Items from a dataset:
───
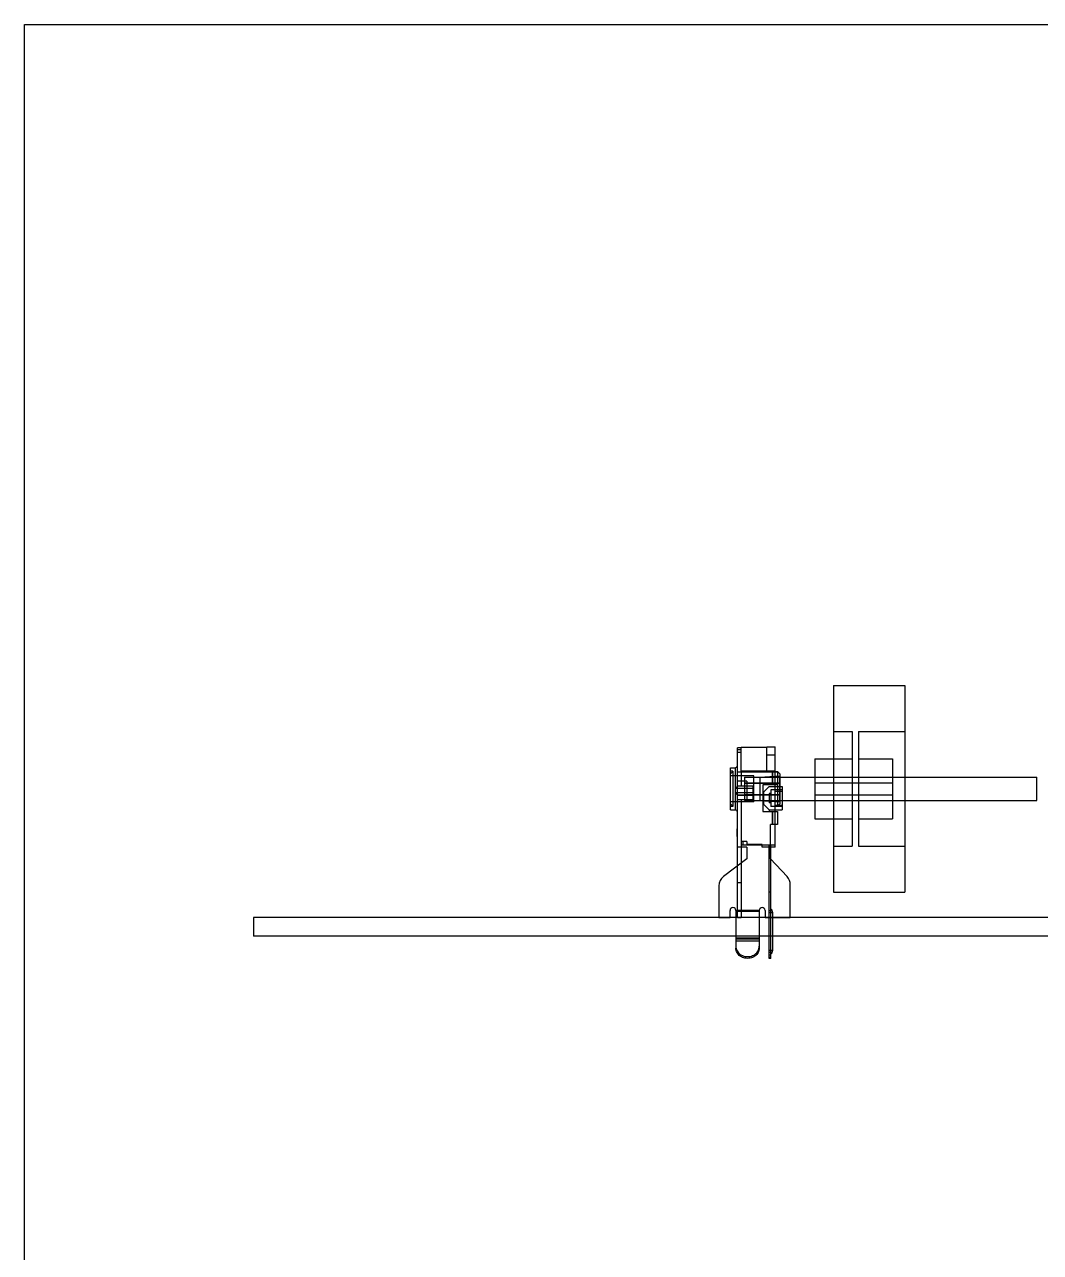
# Model space of a CAD drawing. Header units: inches. Extents: x 0 to 11.7, y 0 to 8.3.
# Drawn here: x 0 to 3.421, y 4.134 to 8.268 of the extents above; entities that cross this region are included whole.
import ezdxf

# ---------------------------------------------------------------- set-up
doc = ezdxf.new("R2010")
doc.units = ezdxf.units.IN
doc.header["$LTSCALE"] = 0.64311
doc.header["$MEASUREMENT"] = 0
doc.layers.get('0').update_dxf_attribs({"linetype": 'CONTINUOUS'})
doc.layers.add('02___PRT_ALL_AXES', color=7, linetype='CONTINUOUS')
doc.layers.add('INTFCLR_14433', color=7, linetype='CONTINUOUS')

msp = doc.modelspace()

# ---------------------------------------------------------------- linework, layer by layer
at = {"color": 7, "linetype": 'CONTINUOUS'}
for p, q in [((0, 0), (0, 8.2677)), ((0, 8.2677), (11.6929, 8.2677)), ((2.724, 6.0431), (2.724, 5.3463)), ((2.724, 6.0431), (2.9641, 6.0431)), ((2.9641, 6.0431), (2.9641, 5.3463)), ((2.724, 5.8876), (2.7869, 5.8876)), ((2.7869, 5.8876), (2.7869, 5.5018)), ((2.8082, 5.8876), (2.8082, 5.5018)), ((2.8082, 5.8876), (2.9641, 5.8876)), ((2.661, 5.7959), (2.661, 5.5935)), ((2.661, 5.7959), (2.7869, 5.7959)), ((2.8082, 5.7959), (2.9224, 5.7959)), ((2.9224, 5.7959), (2.9224, 5.5935)), ((2.661, 5.7144), (2.9224, 5.7144)), ((2.661, 5.675), (2.9224, 5.675)), ((2.661, 5.5935), (2.7869, 5.5935)), ((2.8082, 5.5935), (2.9224, 5.5935)), ((2.724, 5.5018), (2.7869, 5.5018)), ((2.8082, 5.5018), (2.9641, 5.5018)), ((2.724, 5.3463), (2.9641, 5.3463)), ((0.7712, 5.2616), (0.7712, 5.1987)), ((3.9208, 5.2616), (0.7712, 5.2616)), ((3.9208, 5.1987), (0.7712, 5.1987))]:
    msp.add_line(p, q, dxfattribs=at)
at = {"layer": '02___PRT_ALL_AXES', "color": 7, "linetype": 'CONTINUOUS'}
for p, q in [((2.4247, 5.7341), (2.4247, 5.6554)), ((2.4247, 5.7341), (2.5429, 5.7341)), ((2.4247, 5.7147), (2.5429, 5.7147)), ((2.4247, 5.7141), (2.5429, 5.7141)), ((2.5429, 5.6553), (2.5429, 5.7341)), ((2.5429, 5.7341), (3.409, 5.7341)), ((3.409, 5.6553), (3.409, 5.7341)), ((2.4247, 5.6753), (2.5429, 5.6753)), ((2.4247, 5.6747), (2.5429, 5.6747)), ((2.4247, 5.6554), (2.5429, 5.6554)), ((2.5429, 5.6553), (3.409, 5.6553))]:
    msp.add_line(p, q, dxfattribs=at)
at = {"layer": 'INTFCLR_14433', "color": 6, "linetype": 'CONTINUOUS'}
for p, q in [((2.4003, 5.2616), (2.4003, 5.8325)), ((2.4129, 5.8325), (2.4003, 5.8325)), ((2.4129, 5.7518), (2.4129, 5.8345)), ((2.4129, 5.8345), (2.4995, 5.8345)), ((2.4995, 5.7538), (2.4995, 5.8365)), ((2.4995, 5.8365), (2.5271, 5.8365)), ((2.5271, 5.4979), (2.5271, 5.8365)), ((2.4003, 5.8268), (2.4129, 5.8268)), ((2.4129, 5.8168), (2.4003, 5.8168)), ((2.5271, 5.8081), (2.4995, 5.8081)), ((2.3775, 5.6239), (2.3775, 5.7656)), ((2.3775, 5.7656), (2.3925, 5.7656)), ((2.3854, 5.7538), (2.3775, 5.7538)), ((2.3775, 5.7455), (2.3854, 5.7534)), ((2.3854, 5.7538), (2.3854, 5.6357)), ((2.3925, 5.7656), (2.3925, 5.6239)), ((2.4003, 5.7518), (2.5356, 5.7518)), ((2.5271, 5.7538), (2.4129, 5.7538)), ((2.413, 5.7518), (2.413, 5.7203)), ((2.5191, 5.7085), (2.5191, 5.7518)), ((2.5191, 5.7518), (2.5191, 5.7085)), ((2.5271, 5.753), (2.535, 5.753)), ((2.535, 5.753), (2.535, 5.6365)), ((2.5429, 5.7451), (2.535, 5.753)), ((2.5356, 5.7518), (2.5356, 5.7085)), ((2.5356, 5.7518), (2.5356, 5.7085)), ((2.4562, 5.738), (2.3775, 5.738)), ((2.4326, 5.7203), (2.4003, 5.7203)), ((2.4129, 5.7203), (2.4129, 5.7034)), ((2.4326, 5.7203), (2.4326, 5.6573)), ((2.4562, 5.6514), (2.4562, 5.738)), ((2.4562, 5.734), (2.4759, 5.734)), ((2.4562, 5.7144), (2.4759, 5.7144)), ((2.4759, 5.734), (2.5429, 5.7381)), ((2.4759, 5.734), (2.4759, 5.6554)), ((2.4759, 5.7144), (2.5429, 5.7164)), ((2.4858, 5.7085), (2.4858, 5.6179)), ((2.5356, 5.7085), (2.4858, 5.7085)), ((2.5429, 5.7451), (2.5429, 5.6443)), ((2.4011, 5.7034), (2.3932, 5.6955)), ((2.3932, 5.6955), (2.3932, 5.6817)), ((2.4523, 5.6955), (2.3932, 5.6955)), ((2.3932, 5.6817), (2.4011, 5.6739)), ((2.4523, 5.6817), (2.3932, 5.6817)), ((2.4003, 5.7046), (2.4129, 5.7046)), ((2.4003, 5.6731), (2.4523, 5.6731)), ((2.4523, 5.7034), (2.4011, 5.7034)), ((2.4523, 5.6739), (2.4011, 5.6739)), ((2.4523, 5.7034), (2.4523, 5.6573)), ((2.4562, 5.6751), (2.4759, 5.6751)), ((2.4759, 5.6751), (2.5429, 5.673)), ((2.5074, 5.7026), (2.4877, 5.6829)), ((2.4877, 5.6829), (2.4877, 5.6435)), ((2.5074, 5.7026), (2.5507, 5.7026)), ((2.5074, 5.679), (2.5074, 5.6475)), ((2.5133, 5.679), (2.5074, 5.679)), ((2.5129, 5.679), (2.5129, 5.6475)), ((2.5133, 5.6908), (2.5133, 5.6357)), ((2.5507, 5.6908), (2.5133, 5.6908)), ((2.5271, 5.6868), (2.5507, 5.6868)), ((2.5507, 5.7026), (2.5507, 5.6239)), ((2.4562, 5.6514), (2.3775, 5.6514)), ((2.3775, 5.6439), (2.3854, 5.6361)), ((2.3854, 5.6357), (2.3775, 5.6357)), ((2.3775, 5.6239), (2.3925, 5.6239)), ((2.4523, 5.6573), (2.4003, 5.6573)), ((2.4129, 5.6573), (2.4129, 5.2616)), ((2.413, 5.6573), (2.413, 5.4979)), ((2.4562, 5.6554), (2.4759, 5.6554)), ((2.4759, 5.6554), (2.5429, 5.6513)), ((2.4858, 5.6573), (2.4877, 5.6573)), ((2.4877, 5.6435), (2.5074, 5.6239)), ((2.5133, 5.6475), (2.5074, 5.6475)), ((2.5074, 5.6239), (2.5074, 5.6179)), ((2.5074, 5.6239), (2.5507, 5.6239)), ((2.5507, 5.6357), (2.5133, 5.6357)), ((2.5271, 5.6396), (2.5507, 5.6396)), ((2.5271, 5.6365), (2.535, 5.6365)), ((2.5429, 5.6443), (2.535, 5.6365)), ((2.4858, 5.6179), (2.5356, 5.6179)), ((2.5191, 5.5746), (2.5191, 5.6179)), ((2.5191, 5.6179), (2.5191, 5.5746)), ((2.5356, 5.6179), (2.5356, 5.5746)), ((2.5356, 5.6179), (2.5356, 5.5746)), ((2.3992, 5.5601), (2.4003, 5.5604)), ((2.3992, 5.5341), (2.3992, 5.5601)), ((2.5114, 5.4585), (2.5114, 5.5746)), ((2.5356, 5.5746), (2.5114, 5.5746)), ((2.3992, 5.5341), (2.4003, 5.5338)), ((2.4326, 5.5176), (2.4129, 5.5176)), ((2.4129, 5.5057), (2.5271, 5.5057)), ((2.4188, 5.5176), (2.4188, 5.5057)), ((2.4326, 5.5176), (2.4326, 5.5057)), ((2.4838, 5.5077), (2.4326, 5.5077)), ((2.4838, 5.4979), (2.4838, 5.5077)), ((2.5074, 5.1239), (2.5074, 5.5057)), ((2.5133, 5.1239), (2.5133, 5.5057)), ((2.4326, 5.4585), (2.3539, 5.3994)), ((2.4326, 5.4979), (2.4003, 5.4979)), ((2.4326, 5.4979), (2.4326, 5.4585)), ((2.5271, 5.4979), (2.4838, 5.4979)), ((2.5114, 5.4585), (2.5675, 5.399)), ((2.4003, 5.3798), (2.4129, 5.3798)), ((2.3381, 5.3679), (2.3381, 5.2616)), ((2.5074, 5.3483), (2.5133, 5.3483)), ((2.5783, 5.2616), (2.5783, 5.372)), ((2.3381, 5.2616), (2.3755, 5.2616)), ((2.3755, 5.2616), (2.3755, 5.2853)), ((2.3952, 5.2853), (2.3952, 5.1585)), ((2.3952, 5.2853), (2.474, 5.2853)), ((2.474, 5.2853), (2.3952, 5.2853)), ((2.474, 5.2812), (2.3952, 5.2812)), ((2.4003, 5.2616), (2.4129, 5.2616)), ((2.474, 5.2853), (2.474, 5.1585)), ((2.4936, 5.2853), (2.4936, 5.2616)), ((2.4936, 5.2616), (2.5783, 5.2616)), ((2.5192, 5.2774), (2.5074, 5.2774)), ((2.5192, 5.1514), (2.5192, 5.2774)), ((2.474, 5.1921), (2.3952, 5.1921)), ((2.474, 5.188), (2.3952, 5.188)), ((2.474, 5.188), (2.3952, 5.188)), ((2.474, 5.182), (2.3952, 5.182)), ((2.5074, 5.1514), (2.5192, 5.1514)), ((2.5133, 5.1347), (2.5074, 5.1347)), ((2.5133, 5.1273), (2.5074, 5.1273)), ((2.5133, 5.1239), (2.5074, 5.1239))]:
    msp.add_line(p, q, dxfattribs=at)
for centre, radius, start, end in [((2.3925, 5.7735), 0.00787, 270, 360), ((2.3925, 5.616), 0.00787, 0, 90), ((2.3775, 5.3679), 0.0394, 126.8699, 180), ((2.5389, 5.372), 0.0394, 0, 43.3634), ((2.3854, 5.2853), 0.00984, 0.0379, 180), ((2.4838, 5.2853), 0.00984, 0, 179.9621), ((2.5045, 5.2774), 0.00886, 0, 70.5288), ((2.5045, 5.2774), 0.0148, 0, 53.1301), ((2.5045, 5.1514), 0.00886, 289.4712, 360), ((2.5045, 5.1514), 0.0148, 306.8699, 360)]:
    msp.add_arc(centre, radius, start, end, dxfattribs=at)
for points, knots in [([(2.3952, 5.1645), (2.3952, 5.1619), (2.3959, 5.1566), (2.3989, 5.1492), (2.4036, 5.1426), (2.4099, 5.1371), (2.4174, 5.133), (2.4258, 5.1304), (2.4316, 5.1299), (2.4346, 5.1299)], [0, 0, 0, 0, 0.134407, 0.270054, 0.408621, 0.551065, 0.697557, 0.847562, 1, 1, 1, 1]), ([(2.4346, 5.1239), (2.4316, 5.1239), (2.4258, 5.1244), (2.4174, 5.127), (2.4099, 5.1311), (2.4036, 5.1366), (2.3989, 5.1432), (2.3959, 5.1506), (2.3952, 5.1559), (2.3952, 5.1585)], [0, 0, 0, 0, 0.152438, 0.302443, 0.448935, 0.591379, 0.729946, 0.865593, 1, 1, 1, 1]), ([(2.4346, 5.1299), (2.4375, 5.1299), (2.4434, 5.1304), (2.4518, 5.133), (2.4593, 5.1371), (2.4655, 5.1426), (2.4703, 5.1492), (2.4733, 5.1566), (2.474, 5.1619), (2.474, 5.1645)], [0, 0, 0, 0, 0.152438, 0.302443, 0.448935, 0.591379, 0.729946, 0.865593, 1, 1, 1, 1]), ([(2.474, 5.1585), (2.474, 5.1559), (2.4733, 5.1506), (2.4703, 5.1432), (2.4655, 5.1366), (2.4593, 5.1311), (2.4518, 5.127), (2.4434, 5.1244), (2.4375, 5.1239), (2.4346, 5.1239)], [0, 0, 0, 0, 0.134407, 0.270054, 0.408621, 0.551065, 0.697557, 0.847562, 1, 1, 1, 1])]:
    msp.add_open_spline(points, degree=3, knots=knots, dxfattribs=at)

doc.saveas('drawing.dxf')
───
(EXERCISE DIRECTIONS): Search the lines above for the string "start", then show every one that has it.

(WRITTEN REPLY):
for centre, radius, start, end in [((2.3925, 5.7735), 0.00787, 270, 360), ((2.3925, 5.616), 0.00787, 0, 90), ((2.3775, 5.3679), 0.0394, 126.8699, 180), ((2.5389, 5.372), 0.0394, 0, 43.3634), ((2.3854, 5.2853), 0.00984, 0.0379, 180), ((2.4838, 5.2853), 0.00984, 0, 179.9621), ((2.5045, 5.2774), 0.00886, 0, 70.5288), ((2.5045, 5.2774), 0.0148, 0, 53.1301), ((2.5045, 5.1514), 0.00886, 289.4712, 360), ((2.5045, 5.1514), 0.0148, 306.8699, 360)]:
    msp.add_arc(centre, radius, start, end, dxfattribs=at)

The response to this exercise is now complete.